**Task item:** Look below for the line holding "Topology: 31 solids, 31" and the line holding "Faces by surface". Transcribe exactly those lines and all lines between them, nothing more.
- - -
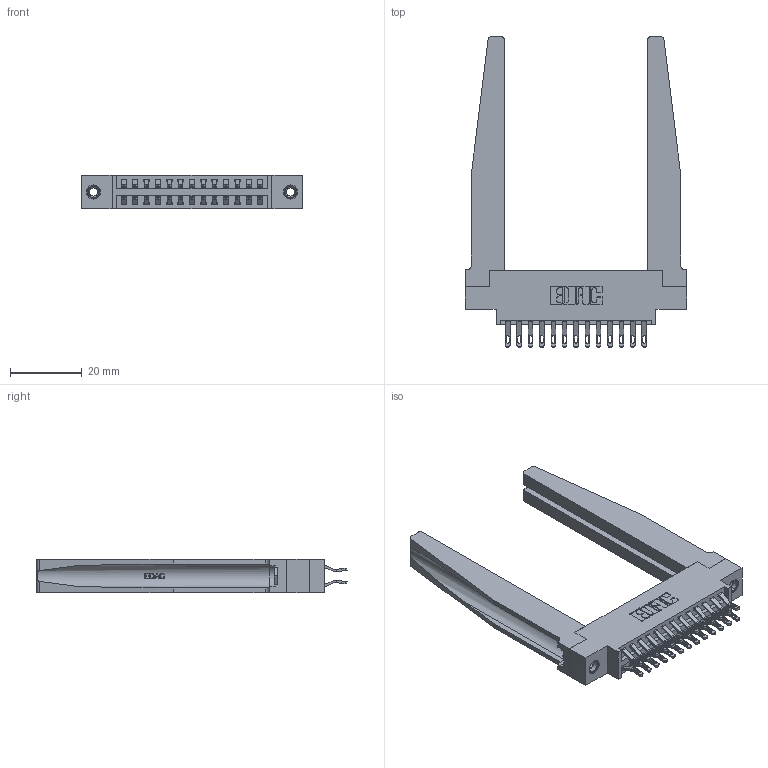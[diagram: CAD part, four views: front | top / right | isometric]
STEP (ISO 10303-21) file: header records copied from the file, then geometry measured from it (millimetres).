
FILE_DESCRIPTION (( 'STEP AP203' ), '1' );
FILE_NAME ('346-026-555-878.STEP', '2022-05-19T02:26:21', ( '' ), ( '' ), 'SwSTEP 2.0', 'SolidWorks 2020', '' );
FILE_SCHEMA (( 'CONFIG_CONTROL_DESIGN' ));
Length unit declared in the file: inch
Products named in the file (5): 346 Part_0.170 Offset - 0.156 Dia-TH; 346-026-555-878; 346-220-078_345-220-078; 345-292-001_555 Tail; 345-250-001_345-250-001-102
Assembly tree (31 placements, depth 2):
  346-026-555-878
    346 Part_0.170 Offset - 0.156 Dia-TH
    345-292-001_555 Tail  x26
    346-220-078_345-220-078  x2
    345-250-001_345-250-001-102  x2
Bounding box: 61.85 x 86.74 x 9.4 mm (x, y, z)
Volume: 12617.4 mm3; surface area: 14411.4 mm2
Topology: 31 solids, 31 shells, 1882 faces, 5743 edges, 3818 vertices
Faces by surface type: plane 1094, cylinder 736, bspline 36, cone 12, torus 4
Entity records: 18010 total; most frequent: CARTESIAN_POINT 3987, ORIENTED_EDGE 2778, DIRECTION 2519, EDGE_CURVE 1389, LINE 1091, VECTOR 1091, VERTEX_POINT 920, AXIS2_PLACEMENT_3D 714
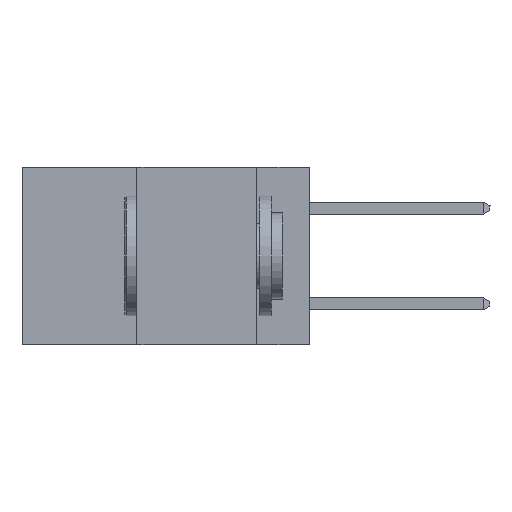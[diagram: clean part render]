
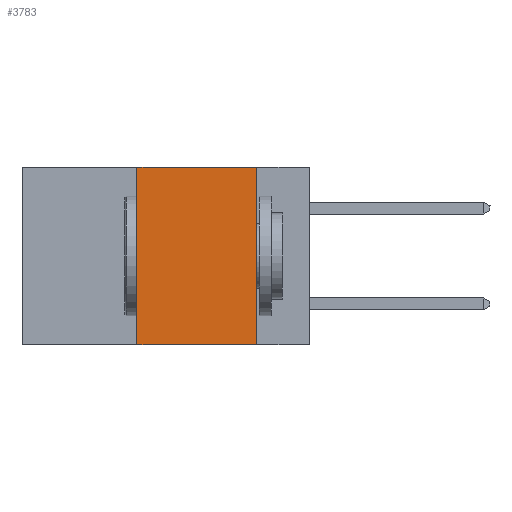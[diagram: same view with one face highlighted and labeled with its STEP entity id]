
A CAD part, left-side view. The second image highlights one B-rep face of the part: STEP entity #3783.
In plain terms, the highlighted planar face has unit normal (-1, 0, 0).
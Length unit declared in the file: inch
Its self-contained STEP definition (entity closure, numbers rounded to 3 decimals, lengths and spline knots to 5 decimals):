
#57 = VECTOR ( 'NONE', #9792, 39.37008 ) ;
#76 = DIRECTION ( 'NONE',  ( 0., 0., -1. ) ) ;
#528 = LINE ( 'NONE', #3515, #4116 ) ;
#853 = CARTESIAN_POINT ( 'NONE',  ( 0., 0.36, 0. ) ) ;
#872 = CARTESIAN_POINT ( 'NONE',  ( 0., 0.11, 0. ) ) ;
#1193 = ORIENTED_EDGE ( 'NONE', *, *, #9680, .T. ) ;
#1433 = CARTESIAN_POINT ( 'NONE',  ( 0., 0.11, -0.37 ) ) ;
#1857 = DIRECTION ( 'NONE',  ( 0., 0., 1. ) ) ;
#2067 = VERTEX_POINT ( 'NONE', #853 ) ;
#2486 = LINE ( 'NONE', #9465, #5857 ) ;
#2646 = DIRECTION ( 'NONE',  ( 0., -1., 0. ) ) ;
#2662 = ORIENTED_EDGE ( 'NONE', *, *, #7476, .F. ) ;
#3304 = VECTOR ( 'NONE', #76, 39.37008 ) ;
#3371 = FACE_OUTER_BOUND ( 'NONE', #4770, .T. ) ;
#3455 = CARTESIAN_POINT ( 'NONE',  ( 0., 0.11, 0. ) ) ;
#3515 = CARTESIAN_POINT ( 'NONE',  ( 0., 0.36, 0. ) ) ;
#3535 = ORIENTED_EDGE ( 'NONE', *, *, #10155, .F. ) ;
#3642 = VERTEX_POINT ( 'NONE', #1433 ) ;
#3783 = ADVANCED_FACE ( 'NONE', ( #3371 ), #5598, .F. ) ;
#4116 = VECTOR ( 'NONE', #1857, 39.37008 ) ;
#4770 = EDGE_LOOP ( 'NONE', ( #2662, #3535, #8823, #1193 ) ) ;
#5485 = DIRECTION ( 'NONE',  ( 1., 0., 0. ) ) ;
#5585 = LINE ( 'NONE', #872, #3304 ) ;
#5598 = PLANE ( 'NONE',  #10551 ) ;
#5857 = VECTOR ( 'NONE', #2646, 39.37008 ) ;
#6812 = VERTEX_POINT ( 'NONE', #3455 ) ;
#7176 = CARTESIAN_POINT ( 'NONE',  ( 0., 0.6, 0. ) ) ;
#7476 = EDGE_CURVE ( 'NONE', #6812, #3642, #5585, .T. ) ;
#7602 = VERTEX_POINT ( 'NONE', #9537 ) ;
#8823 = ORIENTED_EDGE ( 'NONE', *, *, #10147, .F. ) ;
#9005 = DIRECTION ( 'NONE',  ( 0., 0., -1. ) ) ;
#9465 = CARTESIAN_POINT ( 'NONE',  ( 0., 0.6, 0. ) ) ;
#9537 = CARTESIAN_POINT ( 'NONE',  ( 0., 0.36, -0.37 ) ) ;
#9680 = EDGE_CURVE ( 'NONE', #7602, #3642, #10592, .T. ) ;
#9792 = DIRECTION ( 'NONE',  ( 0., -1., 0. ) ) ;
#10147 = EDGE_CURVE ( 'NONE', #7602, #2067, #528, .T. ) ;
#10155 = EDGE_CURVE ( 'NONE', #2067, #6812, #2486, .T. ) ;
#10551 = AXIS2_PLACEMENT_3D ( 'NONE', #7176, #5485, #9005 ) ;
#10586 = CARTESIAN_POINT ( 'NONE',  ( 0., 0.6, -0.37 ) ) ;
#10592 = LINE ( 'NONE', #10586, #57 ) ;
- - -
**Result:**
Topology: 31 solids, 31 shells, 1882 faces, 5743 edges, 3818 vertices
Faces by surface type: plane 1094, cylinder 736, bspline 36, cone 12, torus 4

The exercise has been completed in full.